Further Service Scope Innovation in finance is made possible through fintech. This broadens their reach and area of service. Mobile technology is getting a lot of attention from financial technology companies. More people will be able to take advantage of these services. Transactions will also be more convenient and of better quality. Users can also access their accounts through smartphones and tablets. As a result, the company’s operations will be streamlined.
Improved Security Taking advantage of today’s technology is essential for financial institutions. The same applies to high-tech monetary services. This will enable people to use financial services with more confidence. The most current security measures should be used. In addition, mobile technology has led to significant investment in security. This allows consumers’ data to be protected. This includes biometric and tokenized data. The use of data encryption among businesses in this field is among the latest security solutions.

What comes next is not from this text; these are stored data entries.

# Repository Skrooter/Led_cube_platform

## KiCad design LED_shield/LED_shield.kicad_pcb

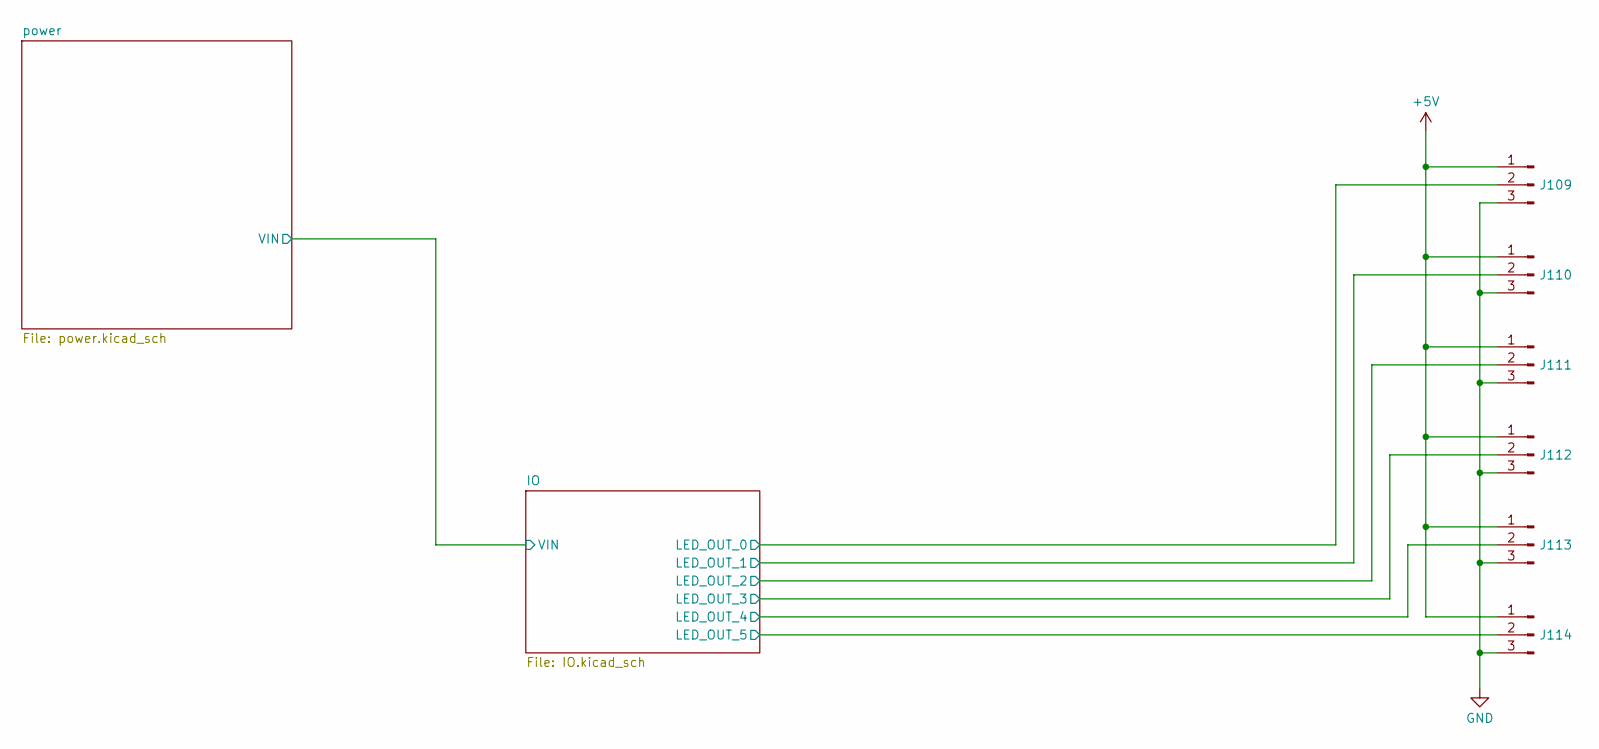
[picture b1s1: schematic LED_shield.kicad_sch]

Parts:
J109, J110, J111, J112, J113, J114: Screw_Terminal_01x03; PinHeader_1x03_P2.54mm_Vertical

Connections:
+5V: J109.1, J110.1, J111.1, J112.1, J113.1, J114.1; also elsewhere on the board
/IO/LED_OUT_0: J109.2; also elsewhere on the board
/IO/LED_OUT_1: J110.2; also elsewhere on the board
/IO/LED_OUT_2: J111.2; also elsewhere on the board
/IO/LED_OUT_3: J112.2; also elsewhere on the board
/IO/LED_OUT_4: J113.2; also elsewhere on the board
/IO/LED_OUT_5: J114.2; also elsewhere on the board
GND: J109.3, J110.3, J111.3, J112.3, J113.3, J114.3; also elsewhere on the board

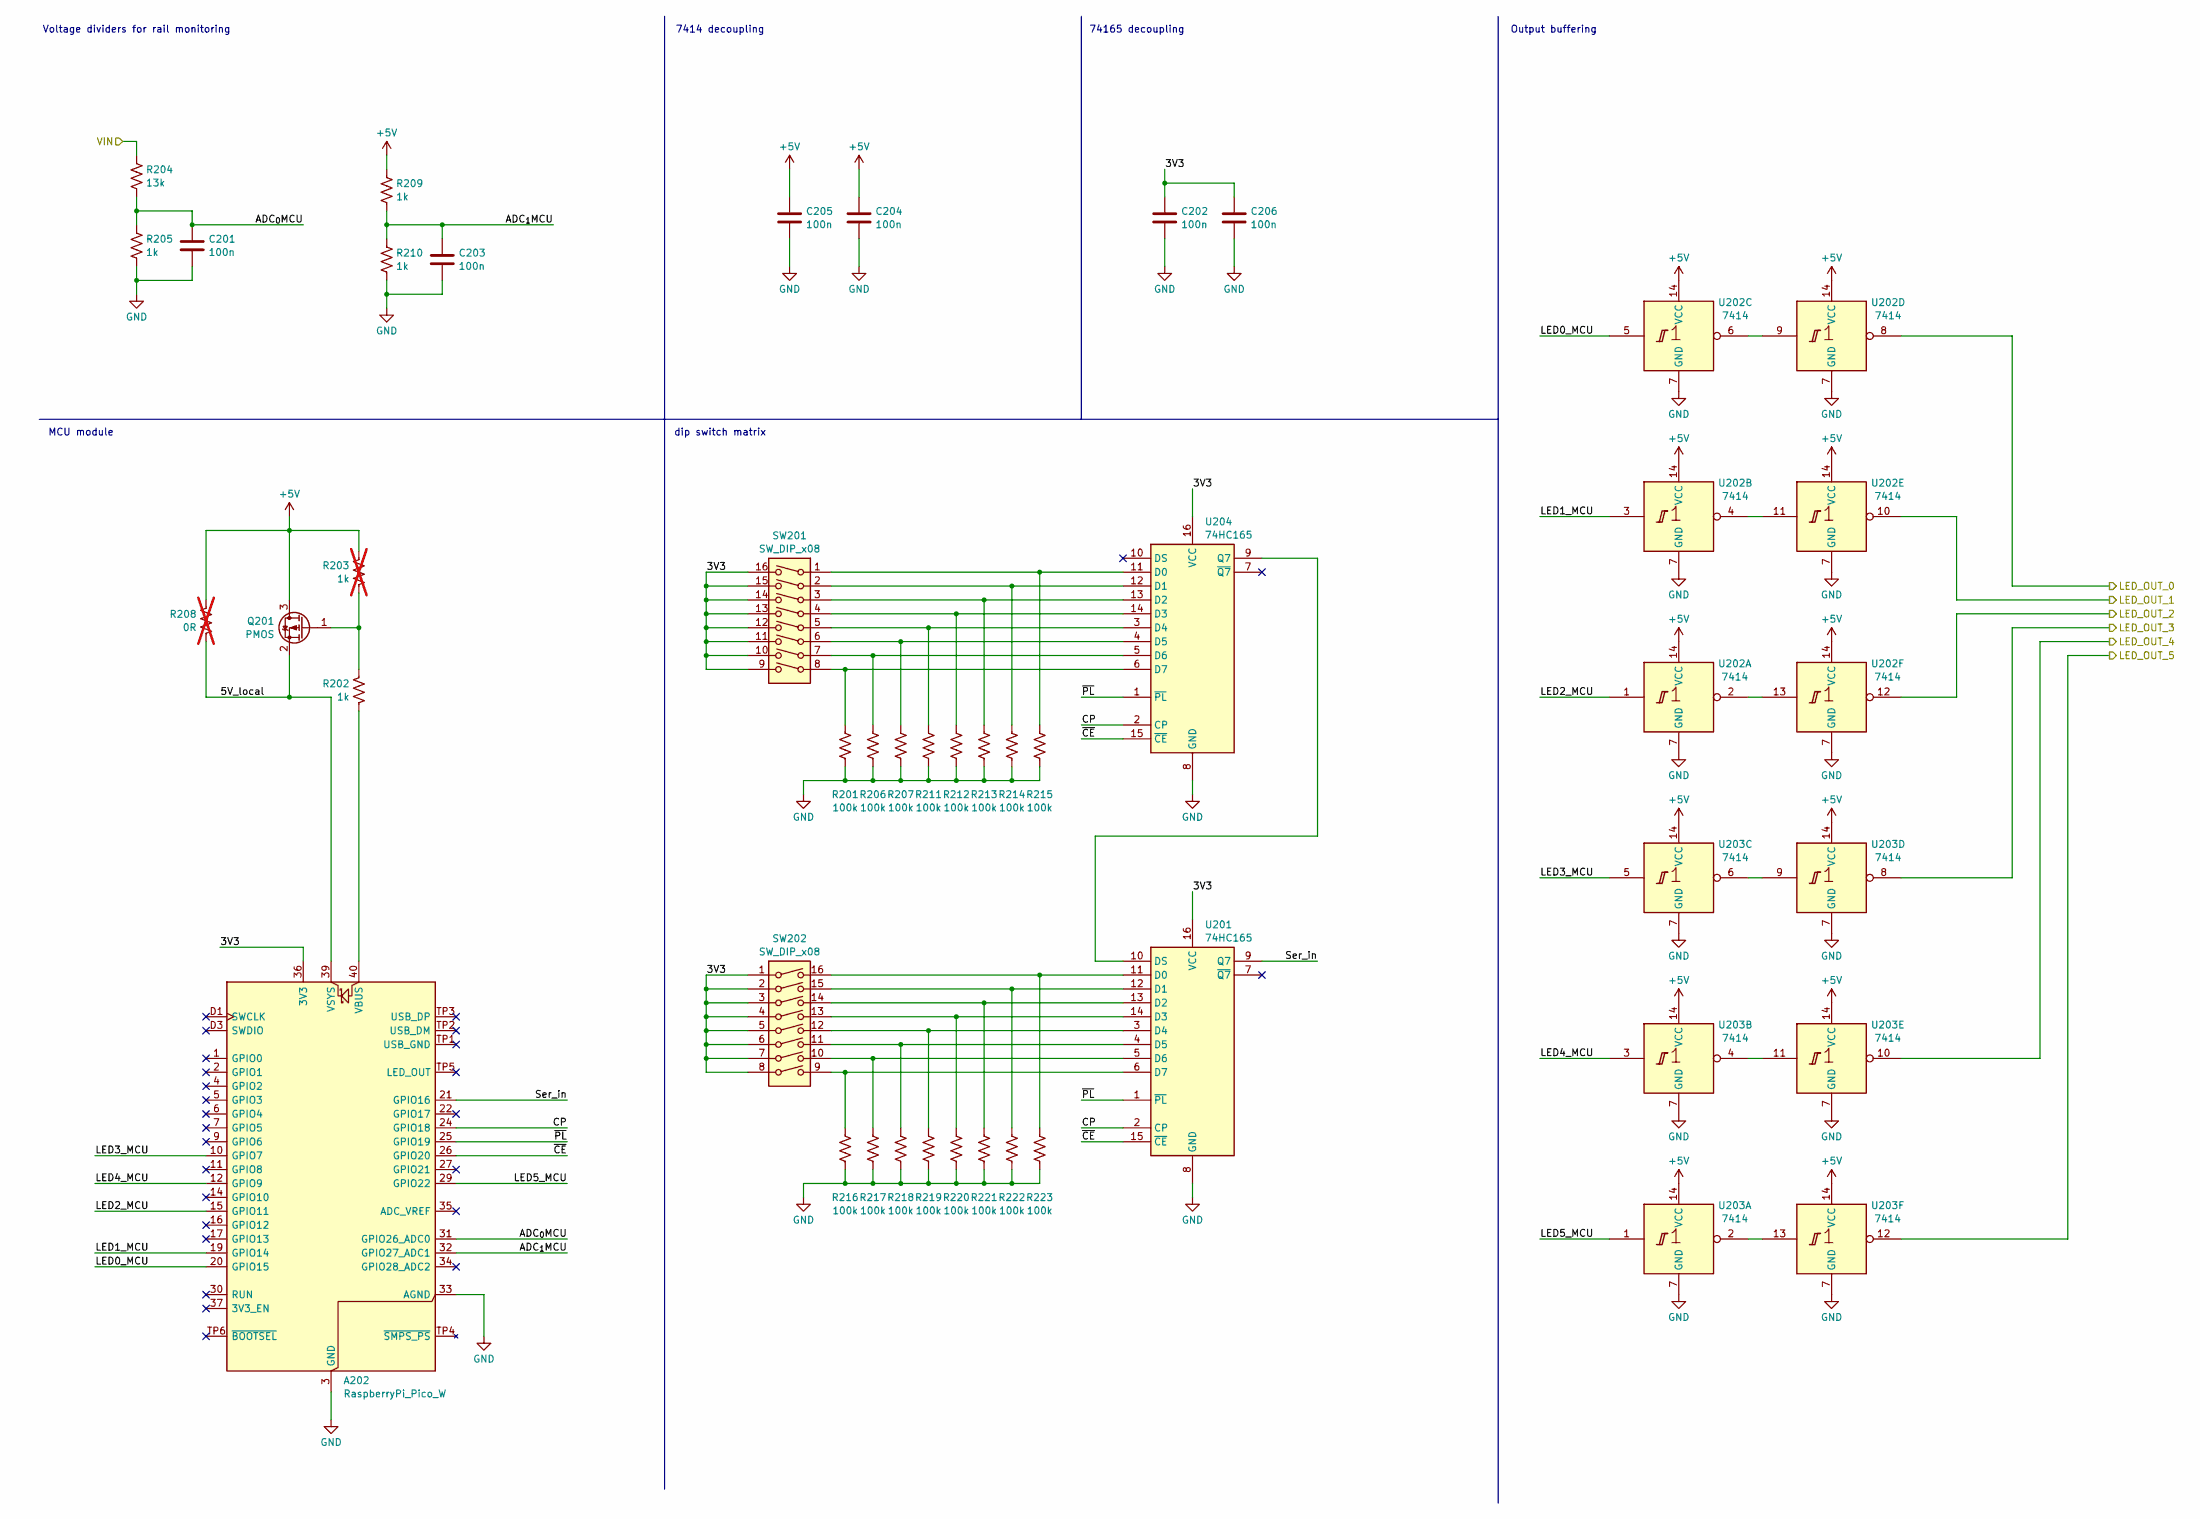
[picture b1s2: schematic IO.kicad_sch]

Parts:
A202: RaspberryPi_Pico_W; RaspberryPi_Pico_W_SMD
C201, C202, C203, C204, C205, C206: 100n; C_0402_1005Metric; LCSC C1525
Q201: PMOS; SOT-23; LCSC C10487
R201, R206, R207, R211, R212, R213, R214, R215, R216, R217, R218, R219, R220, R221, R222, R223: 100k; R_0402_1005Metric; LCSC C25741
R202, R205, R209, R210: 1k; R_0402_1005Metric; LCSC C11702
R203: 1k; R_0402_1005Metric; LCSC C11702; not fitted
R204: 13k; R_0603_1608Metric; LCSC C22797
R208: 0R; R_0402_1005Metric; LCSC C17168; not fitted
SW201, SW202: SW_DIP_x08; SW_DIP_SPSTx08_Slide_6.7x21.88mm_W8.61mm_P2.54mm_LowProfile; LCSC C5145023
U201, U204: 74HC165; SOIC-16_3.9x9.9mm_P1.27mm; LCSC C5613
U202, U203: 7414; SOIC-14_3.9x8.7mm_P1.27mm; LCSC C5605

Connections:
+5V: C204.1, C205.1, Q201.3 (D), R203.1, R208.1, R209.1, U202.14 (VCC), U203.14 (VCC); also elsewhere on the board
/IO/3V3: A202.36 (3V3), C202.1, C206.1, SW201.9, SW201.10, SW201.11, SW201.12, SW201.13, SW201.14, SW201.15, SW201.16, SW202.1, SW202.2, SW202.3, SW202.4, SW202.5, SW202.6, SW202.7, SW202.8, U201.16 (VCC), U204.16 (VCC)
/IO/5V_local: A202.39 (VSYS), Q201.2 (S), R208.2
/IO/ADC_{0}MCU: A202.31 (GPIO26_ADC0), C201.1, R204.2, R205.1
/IO/ADC_{1}MCU: A202.32 (GPIO27_ADC1), C203.1, R209.2, R210.1
/IO/CP: A202.24 (GPIO18), U201.2 (CP), U204.2 (CP)
/IO/LED0_MCU: A202.20 (GPIO15), U202.5
/IO/LED1_MCU: A202.19 (GPIO14), U202.3
/IO/LED2_MCU: A202.15 (GPIO11), U202.1
/IO/LED3_MCU: A202.10 (GPIO7), U203.5
/IO/LED4_MCU: A202.12 (GPIO9), U203.3
/IO/LED5_MCU: A202.29 (GPIO22), U203.1
/IO/LED_OUT_0: U202.8; also elsewhere on the board
/IO/LED_OUT_1: U202.10; also elsewhere on the board
/IO/LED_OUT_2: U202.12; also elsewhere on the board
/IO/LED_OUT_3: U203.8; also elsewhere on the board
/IO/LED_OUT_4: U203.10; also elsewhere on the board
/IO/LED_OUT_5: U203.12; also elsewhere on the board
/IO/Ser_in: A202.21 (GPIO16), U201.9 (Q7)
/IO/~CE: A202.26 (GPIO20), U201.15 (~CE), U204.15 (~CE)
/IO/~PL: A202.25 (GPIO19), U201.1 (~PL), U204.1 (~PL)
/power/VIN: R204.1; also elsewhere on the board
GND: A202.3 (GND), A202.8 (GND), A202.13 (GND), A202.18 (GND), A202.23 (GND), A202.28 (GND), A202.33 (AGND), A202.38 (GND), A202.D2 (GND), C201.2, C202.2, C203.2, C204.2, C205.2, C206.2, R201.2, R205.2, R206.2, R207.2, R210.2, R211.2, R212.2, R213.2, R214.2, R215.2, R216.2, R217.2, R218.2, R219.2, R220.2, R221.2, R222.2, R223.2, U201.8 (GND), U202.7 (GND), U203.7 (GND), U204.8 (GND); also elsewhere on the board
unnamed: A202.40 (VBUS), R202.1
unnamed: Q201.1 (G), R202.2, R203.2
unnamed: R223.1, SW202.16, U201.11 (D0)
unnamed: R222.1, SW202.15, U201.12 (D1)
unnamed: R221.1, SW202.14, U201.13 (D2)
unnamed: R220.1, SW202.13, U201.14 (D3)
unnamed: R219.1, SW202.12, U201.3 (D4)
unnamed: R218.1, SW202.11, U201.4 (D5)
unnamed: R217.1, SW202.10, U201.5 (D6)
unnamed: R216.1, SW202.9, U201.6 (D7)
unnamed: U201.10 (DS), U204.9 (Q7)
unnamed: U202.6, U202.9
unnamed: U202.4, U202.11
unnamed: U202.2, U202.13
unnamed: U203.6, U203.9
unnamed: U203.4, U203.11
unnamed: U203.2, U203.13
unnamed: R215.1, SW201.1, U204.11 (D0)
unnamed: R214.1, SW201.2, U204.12 (D1)
unnamed: R213.1, SW201.3, U204.13 (D2)
unnamed: R212.1, SW201.4, U204.14 (D3)
unnamed: R211.1, SW201.5, U204.3 (D4)
unnamed: R207.1, SW201.6, U204.4 (D5)
unnamed: R206.1, SW201.7, U204.5 (D6)
unnamed: R201.1, SW201.8, U204.6 (D7)

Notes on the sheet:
74165 decoupling
Output buffering
Voltage dividers for rail monitoring
MCU module
7414 decoupling
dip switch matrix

Greater Acceptance Percentage Most of the banking system needs to focus on the approval rate as a distinguishing factor. With the use of fintech, this process is now much more straightforward. Digital lenders are available online, and approval can take place within one day of requesting them. They can access all types of services they require by providing the information needed to process their data. It is credited to the automatic process enabled by artificial intelligence in the banking sector, which is expected to accelerate the process faster than what a human can deliver.
Lower Costs Both consumers and businesses find fintech to be the most cost-effective option. Since there are no hidden fees, it is more economical than traditional options. Furthermore, it enables a unified user experience by integrating physical and digital payment methods together. Hence, it gives companies a competitive edge. Convenient mobile payment options and reduced transaction costs also make this an attractive option. Concluding Thoughts!!! There is no denial that fintech has made a significant impact on the way businesses and consumers conduct business, and it is bringing innovation to technologies and financial sectors from all over the world. The Fintech development company can assist business owners in their financial models allowing them to make better decisions.
The Fintech industry has undoubtedly shaped the future of next-generation financial services. Despite a few hurdles facing fintech start-ups in the current business environment, it is apparent that the fintech industry will prosper, no matter where it operates.